Formation evaluation in low porosity, low salinity, and high temperature reservoirs poses many challenges. The environment is hostile to many logging tools due to their temperature limits and there is greater uncertainty related to petrophysical parameters compared with conventional formations. Additionally, in low porosity and low salinity reservoirs, resistivity contrast between hydrocarbon and water filled rocks is often missing. This extended abstract presents a case study from offshore WA where a petrophysical model has been created with logging while drilling measurements including spectroscopy data to improve estimation of mineralogy, clay volume and porosity, thereby reducing saturation evaluation uncertainty. Spectroscopy measurements can be analysed to derive dry weight elemental concentrations of various elements such as silicon, calcium, iron, and sulfur. These concentrations have been subsequently used as input to compute a multi-mineral petrophysical model using a least squares inversion technique. We demonstrate that spectroscopy can be used independently to obtain an accurate volume of clay instead of gamma ray, spontaneous potential, or porosity logs.

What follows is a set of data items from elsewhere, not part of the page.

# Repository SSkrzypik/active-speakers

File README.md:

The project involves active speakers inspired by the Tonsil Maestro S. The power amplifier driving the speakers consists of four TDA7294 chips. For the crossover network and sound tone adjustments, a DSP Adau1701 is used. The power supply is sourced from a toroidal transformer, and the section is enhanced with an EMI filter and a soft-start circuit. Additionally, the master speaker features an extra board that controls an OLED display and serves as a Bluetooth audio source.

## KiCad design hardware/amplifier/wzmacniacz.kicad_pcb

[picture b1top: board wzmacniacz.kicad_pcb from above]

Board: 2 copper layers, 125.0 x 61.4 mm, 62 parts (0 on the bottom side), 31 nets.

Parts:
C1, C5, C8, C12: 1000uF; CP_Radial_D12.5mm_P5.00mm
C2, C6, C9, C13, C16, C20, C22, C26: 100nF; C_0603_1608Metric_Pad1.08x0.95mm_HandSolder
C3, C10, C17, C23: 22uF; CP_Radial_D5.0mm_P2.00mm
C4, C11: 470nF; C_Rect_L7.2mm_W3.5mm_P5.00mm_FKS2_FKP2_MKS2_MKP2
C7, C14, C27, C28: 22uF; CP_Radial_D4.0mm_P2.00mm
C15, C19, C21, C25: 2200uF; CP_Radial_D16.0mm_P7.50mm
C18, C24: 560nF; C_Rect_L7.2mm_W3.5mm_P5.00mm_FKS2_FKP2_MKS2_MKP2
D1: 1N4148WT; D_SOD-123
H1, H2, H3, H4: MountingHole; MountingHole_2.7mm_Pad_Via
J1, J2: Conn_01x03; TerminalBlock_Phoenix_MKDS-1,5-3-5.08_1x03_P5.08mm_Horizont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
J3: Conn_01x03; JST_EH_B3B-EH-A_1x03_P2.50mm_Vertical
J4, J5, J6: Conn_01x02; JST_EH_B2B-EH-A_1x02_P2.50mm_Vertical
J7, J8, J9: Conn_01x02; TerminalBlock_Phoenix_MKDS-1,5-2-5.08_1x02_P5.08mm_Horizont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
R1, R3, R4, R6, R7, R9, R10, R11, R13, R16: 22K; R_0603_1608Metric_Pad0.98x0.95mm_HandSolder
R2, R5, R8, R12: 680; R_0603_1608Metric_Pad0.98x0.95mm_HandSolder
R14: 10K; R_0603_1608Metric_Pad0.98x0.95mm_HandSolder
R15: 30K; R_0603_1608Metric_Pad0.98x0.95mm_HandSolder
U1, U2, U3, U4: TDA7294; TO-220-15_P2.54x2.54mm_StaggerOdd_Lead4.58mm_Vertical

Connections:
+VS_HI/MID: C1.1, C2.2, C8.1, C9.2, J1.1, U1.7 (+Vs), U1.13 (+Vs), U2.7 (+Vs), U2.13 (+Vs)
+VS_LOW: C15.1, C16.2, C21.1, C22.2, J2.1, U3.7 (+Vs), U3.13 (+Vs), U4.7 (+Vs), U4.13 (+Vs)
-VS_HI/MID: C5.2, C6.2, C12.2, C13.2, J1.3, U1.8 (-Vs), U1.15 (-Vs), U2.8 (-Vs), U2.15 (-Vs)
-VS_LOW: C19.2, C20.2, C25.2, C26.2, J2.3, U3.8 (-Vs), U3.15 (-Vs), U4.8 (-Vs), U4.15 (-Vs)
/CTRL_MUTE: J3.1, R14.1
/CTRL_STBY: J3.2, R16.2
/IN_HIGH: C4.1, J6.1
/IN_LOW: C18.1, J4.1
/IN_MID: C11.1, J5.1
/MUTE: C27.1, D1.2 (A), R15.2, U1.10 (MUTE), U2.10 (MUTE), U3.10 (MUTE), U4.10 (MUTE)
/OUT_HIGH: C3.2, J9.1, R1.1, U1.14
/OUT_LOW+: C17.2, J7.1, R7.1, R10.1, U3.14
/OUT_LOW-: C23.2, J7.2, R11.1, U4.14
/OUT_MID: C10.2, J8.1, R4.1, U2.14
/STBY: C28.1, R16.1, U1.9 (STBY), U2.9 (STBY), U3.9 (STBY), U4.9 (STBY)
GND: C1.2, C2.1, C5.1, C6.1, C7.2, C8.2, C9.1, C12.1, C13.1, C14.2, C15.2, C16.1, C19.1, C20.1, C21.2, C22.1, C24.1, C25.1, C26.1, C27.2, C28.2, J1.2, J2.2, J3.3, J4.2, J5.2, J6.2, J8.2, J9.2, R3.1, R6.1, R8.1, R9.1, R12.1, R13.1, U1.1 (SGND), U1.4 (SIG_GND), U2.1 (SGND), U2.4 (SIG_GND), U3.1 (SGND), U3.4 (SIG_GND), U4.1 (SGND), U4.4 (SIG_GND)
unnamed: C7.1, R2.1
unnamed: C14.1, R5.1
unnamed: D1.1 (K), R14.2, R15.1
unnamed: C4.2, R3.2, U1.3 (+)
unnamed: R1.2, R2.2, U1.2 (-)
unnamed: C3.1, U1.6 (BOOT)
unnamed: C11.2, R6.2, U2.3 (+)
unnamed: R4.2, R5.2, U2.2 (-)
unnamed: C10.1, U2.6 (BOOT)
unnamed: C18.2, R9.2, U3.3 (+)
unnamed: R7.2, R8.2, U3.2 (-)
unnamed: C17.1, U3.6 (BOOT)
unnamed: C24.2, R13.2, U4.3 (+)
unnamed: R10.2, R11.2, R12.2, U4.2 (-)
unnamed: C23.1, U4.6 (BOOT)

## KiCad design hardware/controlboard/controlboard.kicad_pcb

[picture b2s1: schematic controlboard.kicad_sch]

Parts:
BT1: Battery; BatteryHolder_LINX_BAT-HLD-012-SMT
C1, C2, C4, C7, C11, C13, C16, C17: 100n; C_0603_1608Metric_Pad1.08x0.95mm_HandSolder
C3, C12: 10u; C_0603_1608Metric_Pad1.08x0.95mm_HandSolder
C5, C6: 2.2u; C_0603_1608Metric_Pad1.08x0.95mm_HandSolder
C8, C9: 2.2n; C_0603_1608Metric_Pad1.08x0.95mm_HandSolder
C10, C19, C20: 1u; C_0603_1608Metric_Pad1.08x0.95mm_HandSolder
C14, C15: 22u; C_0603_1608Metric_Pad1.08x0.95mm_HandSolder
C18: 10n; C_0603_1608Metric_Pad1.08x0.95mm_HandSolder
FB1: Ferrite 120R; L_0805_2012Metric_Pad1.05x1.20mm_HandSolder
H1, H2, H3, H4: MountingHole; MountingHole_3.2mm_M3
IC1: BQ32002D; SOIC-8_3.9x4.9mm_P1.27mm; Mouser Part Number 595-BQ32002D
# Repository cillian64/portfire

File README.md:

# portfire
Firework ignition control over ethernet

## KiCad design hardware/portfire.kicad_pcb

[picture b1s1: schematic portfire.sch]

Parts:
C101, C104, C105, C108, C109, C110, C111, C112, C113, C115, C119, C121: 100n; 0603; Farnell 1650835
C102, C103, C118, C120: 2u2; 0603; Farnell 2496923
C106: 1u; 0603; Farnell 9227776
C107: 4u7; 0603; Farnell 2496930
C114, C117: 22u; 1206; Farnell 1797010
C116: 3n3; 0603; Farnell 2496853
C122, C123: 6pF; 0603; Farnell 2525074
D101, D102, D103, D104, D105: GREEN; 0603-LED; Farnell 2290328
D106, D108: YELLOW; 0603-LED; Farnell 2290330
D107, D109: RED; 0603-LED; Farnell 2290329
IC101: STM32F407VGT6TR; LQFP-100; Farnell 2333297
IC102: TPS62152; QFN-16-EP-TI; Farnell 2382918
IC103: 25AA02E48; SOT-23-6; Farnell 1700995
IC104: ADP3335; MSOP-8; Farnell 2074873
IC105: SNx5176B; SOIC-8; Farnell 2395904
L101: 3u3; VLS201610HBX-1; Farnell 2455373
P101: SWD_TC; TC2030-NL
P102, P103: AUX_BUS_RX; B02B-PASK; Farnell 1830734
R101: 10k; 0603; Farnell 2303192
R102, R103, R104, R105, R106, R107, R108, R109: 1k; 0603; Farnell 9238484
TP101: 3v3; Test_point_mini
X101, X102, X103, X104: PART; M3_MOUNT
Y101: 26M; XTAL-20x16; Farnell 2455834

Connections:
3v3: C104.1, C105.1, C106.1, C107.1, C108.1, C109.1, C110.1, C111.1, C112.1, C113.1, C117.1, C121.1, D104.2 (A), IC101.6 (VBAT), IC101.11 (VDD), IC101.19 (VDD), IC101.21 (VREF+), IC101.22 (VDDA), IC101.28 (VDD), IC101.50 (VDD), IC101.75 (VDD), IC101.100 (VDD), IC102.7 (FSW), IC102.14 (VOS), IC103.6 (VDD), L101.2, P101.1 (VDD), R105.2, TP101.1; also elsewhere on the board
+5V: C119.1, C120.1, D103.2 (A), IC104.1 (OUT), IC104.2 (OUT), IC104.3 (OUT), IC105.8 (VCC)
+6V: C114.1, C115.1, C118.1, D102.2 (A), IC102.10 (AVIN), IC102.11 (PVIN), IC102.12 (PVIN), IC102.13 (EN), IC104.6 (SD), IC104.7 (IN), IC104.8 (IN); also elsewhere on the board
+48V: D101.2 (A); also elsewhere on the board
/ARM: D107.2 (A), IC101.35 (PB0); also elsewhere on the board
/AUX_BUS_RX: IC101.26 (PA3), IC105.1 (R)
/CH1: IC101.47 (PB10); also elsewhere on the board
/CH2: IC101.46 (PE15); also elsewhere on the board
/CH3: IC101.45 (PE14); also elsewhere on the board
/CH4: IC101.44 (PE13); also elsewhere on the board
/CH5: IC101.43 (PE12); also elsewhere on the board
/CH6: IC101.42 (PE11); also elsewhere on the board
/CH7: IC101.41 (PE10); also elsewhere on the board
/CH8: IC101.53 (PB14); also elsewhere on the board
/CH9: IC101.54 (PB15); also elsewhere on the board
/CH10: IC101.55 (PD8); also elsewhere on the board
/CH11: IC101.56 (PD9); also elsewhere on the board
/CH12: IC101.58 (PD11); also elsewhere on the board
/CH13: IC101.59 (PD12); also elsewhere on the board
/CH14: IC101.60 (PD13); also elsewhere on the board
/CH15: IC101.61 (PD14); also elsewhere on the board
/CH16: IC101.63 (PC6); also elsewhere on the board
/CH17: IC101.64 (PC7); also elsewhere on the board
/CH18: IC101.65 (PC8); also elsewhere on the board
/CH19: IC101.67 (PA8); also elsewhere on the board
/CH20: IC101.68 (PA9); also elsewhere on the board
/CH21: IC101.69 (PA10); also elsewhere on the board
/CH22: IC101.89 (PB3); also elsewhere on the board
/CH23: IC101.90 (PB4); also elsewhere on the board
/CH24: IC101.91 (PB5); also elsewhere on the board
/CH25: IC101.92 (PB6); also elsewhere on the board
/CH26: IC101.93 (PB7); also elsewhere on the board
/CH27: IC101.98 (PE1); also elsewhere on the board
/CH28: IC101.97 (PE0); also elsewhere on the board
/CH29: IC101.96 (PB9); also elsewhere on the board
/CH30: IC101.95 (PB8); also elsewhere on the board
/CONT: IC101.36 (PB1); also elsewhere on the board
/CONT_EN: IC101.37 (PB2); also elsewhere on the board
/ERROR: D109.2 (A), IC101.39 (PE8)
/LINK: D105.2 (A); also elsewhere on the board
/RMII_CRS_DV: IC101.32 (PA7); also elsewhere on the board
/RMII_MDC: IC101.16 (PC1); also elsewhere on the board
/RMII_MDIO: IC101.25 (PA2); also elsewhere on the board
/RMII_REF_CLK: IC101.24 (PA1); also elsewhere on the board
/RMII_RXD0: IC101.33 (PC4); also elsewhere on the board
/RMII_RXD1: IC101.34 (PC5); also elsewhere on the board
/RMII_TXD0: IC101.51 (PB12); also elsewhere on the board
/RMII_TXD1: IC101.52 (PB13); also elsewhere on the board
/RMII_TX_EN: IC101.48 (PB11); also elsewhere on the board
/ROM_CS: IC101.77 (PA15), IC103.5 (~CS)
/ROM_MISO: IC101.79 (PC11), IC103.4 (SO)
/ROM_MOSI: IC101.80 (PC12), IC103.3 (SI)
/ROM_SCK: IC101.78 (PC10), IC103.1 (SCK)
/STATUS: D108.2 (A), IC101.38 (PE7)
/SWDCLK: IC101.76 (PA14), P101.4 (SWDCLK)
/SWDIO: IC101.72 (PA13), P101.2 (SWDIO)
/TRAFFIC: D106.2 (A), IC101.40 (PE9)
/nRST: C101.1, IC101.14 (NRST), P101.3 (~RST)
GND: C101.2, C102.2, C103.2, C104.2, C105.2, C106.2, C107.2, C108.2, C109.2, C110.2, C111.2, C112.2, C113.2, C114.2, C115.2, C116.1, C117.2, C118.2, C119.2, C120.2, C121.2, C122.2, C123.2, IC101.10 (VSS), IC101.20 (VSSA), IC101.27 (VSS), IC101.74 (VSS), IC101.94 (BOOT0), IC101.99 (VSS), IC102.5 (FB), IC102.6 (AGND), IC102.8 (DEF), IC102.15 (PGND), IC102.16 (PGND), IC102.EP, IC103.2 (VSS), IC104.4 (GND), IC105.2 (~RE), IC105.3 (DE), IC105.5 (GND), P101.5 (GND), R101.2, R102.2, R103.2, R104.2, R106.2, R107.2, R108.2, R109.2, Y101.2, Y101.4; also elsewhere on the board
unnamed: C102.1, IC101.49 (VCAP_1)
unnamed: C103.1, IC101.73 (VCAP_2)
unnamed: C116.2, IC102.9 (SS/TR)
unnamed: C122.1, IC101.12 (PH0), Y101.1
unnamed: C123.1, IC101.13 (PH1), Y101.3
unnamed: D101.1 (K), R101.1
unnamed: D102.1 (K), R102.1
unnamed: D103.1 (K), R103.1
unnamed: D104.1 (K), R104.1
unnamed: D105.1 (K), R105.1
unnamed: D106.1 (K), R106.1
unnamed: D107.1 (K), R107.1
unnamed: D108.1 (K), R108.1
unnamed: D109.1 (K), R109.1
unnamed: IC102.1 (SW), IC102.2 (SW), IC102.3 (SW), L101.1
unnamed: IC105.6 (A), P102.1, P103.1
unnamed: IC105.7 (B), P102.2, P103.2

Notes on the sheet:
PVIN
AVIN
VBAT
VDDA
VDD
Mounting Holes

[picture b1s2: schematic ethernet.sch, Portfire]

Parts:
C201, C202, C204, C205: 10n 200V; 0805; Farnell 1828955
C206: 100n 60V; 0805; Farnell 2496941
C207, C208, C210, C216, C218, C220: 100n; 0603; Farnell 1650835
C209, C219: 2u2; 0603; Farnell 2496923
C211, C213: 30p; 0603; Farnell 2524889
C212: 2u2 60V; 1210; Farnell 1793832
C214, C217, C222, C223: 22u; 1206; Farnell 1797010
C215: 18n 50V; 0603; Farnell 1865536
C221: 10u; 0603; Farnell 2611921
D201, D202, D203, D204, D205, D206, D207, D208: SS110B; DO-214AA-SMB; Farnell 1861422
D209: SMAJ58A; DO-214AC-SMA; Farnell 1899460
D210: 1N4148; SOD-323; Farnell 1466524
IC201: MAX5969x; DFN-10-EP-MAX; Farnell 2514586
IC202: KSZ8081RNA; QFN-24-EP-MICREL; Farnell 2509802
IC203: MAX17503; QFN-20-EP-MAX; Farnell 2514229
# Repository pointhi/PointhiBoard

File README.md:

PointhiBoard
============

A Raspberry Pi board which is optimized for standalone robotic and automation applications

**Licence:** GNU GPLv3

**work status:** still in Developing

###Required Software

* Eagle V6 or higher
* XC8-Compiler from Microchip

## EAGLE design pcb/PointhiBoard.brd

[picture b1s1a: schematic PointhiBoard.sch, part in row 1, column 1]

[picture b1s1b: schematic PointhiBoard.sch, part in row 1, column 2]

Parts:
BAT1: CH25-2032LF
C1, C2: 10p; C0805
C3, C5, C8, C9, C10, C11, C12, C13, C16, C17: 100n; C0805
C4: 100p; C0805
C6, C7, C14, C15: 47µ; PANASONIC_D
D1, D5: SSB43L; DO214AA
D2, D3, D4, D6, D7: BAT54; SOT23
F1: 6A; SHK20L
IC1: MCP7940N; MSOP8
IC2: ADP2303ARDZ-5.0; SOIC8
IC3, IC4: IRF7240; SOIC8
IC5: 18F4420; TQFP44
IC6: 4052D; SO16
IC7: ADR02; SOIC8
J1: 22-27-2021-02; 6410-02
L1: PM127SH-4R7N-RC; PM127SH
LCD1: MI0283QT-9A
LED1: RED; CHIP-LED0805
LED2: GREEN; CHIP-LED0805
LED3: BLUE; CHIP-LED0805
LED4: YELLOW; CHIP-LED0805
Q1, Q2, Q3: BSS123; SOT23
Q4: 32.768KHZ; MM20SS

Moreover, matrix properties such as grain density, which enhance the accuracy of porosity estimation derived from bulk density, are also derived from spectroscopy dataset. Good agreement with core validates the petrophysical model. Also demonstrated is how the petrophysical model reduces the uncertainty in clay volume and porosity, from which more accurate water saturation can be derived in these tight reservoirs. Calibrating the spectroscopy information to core data allows the mineralogical and geological model to be extended to the intervals where core data are not available.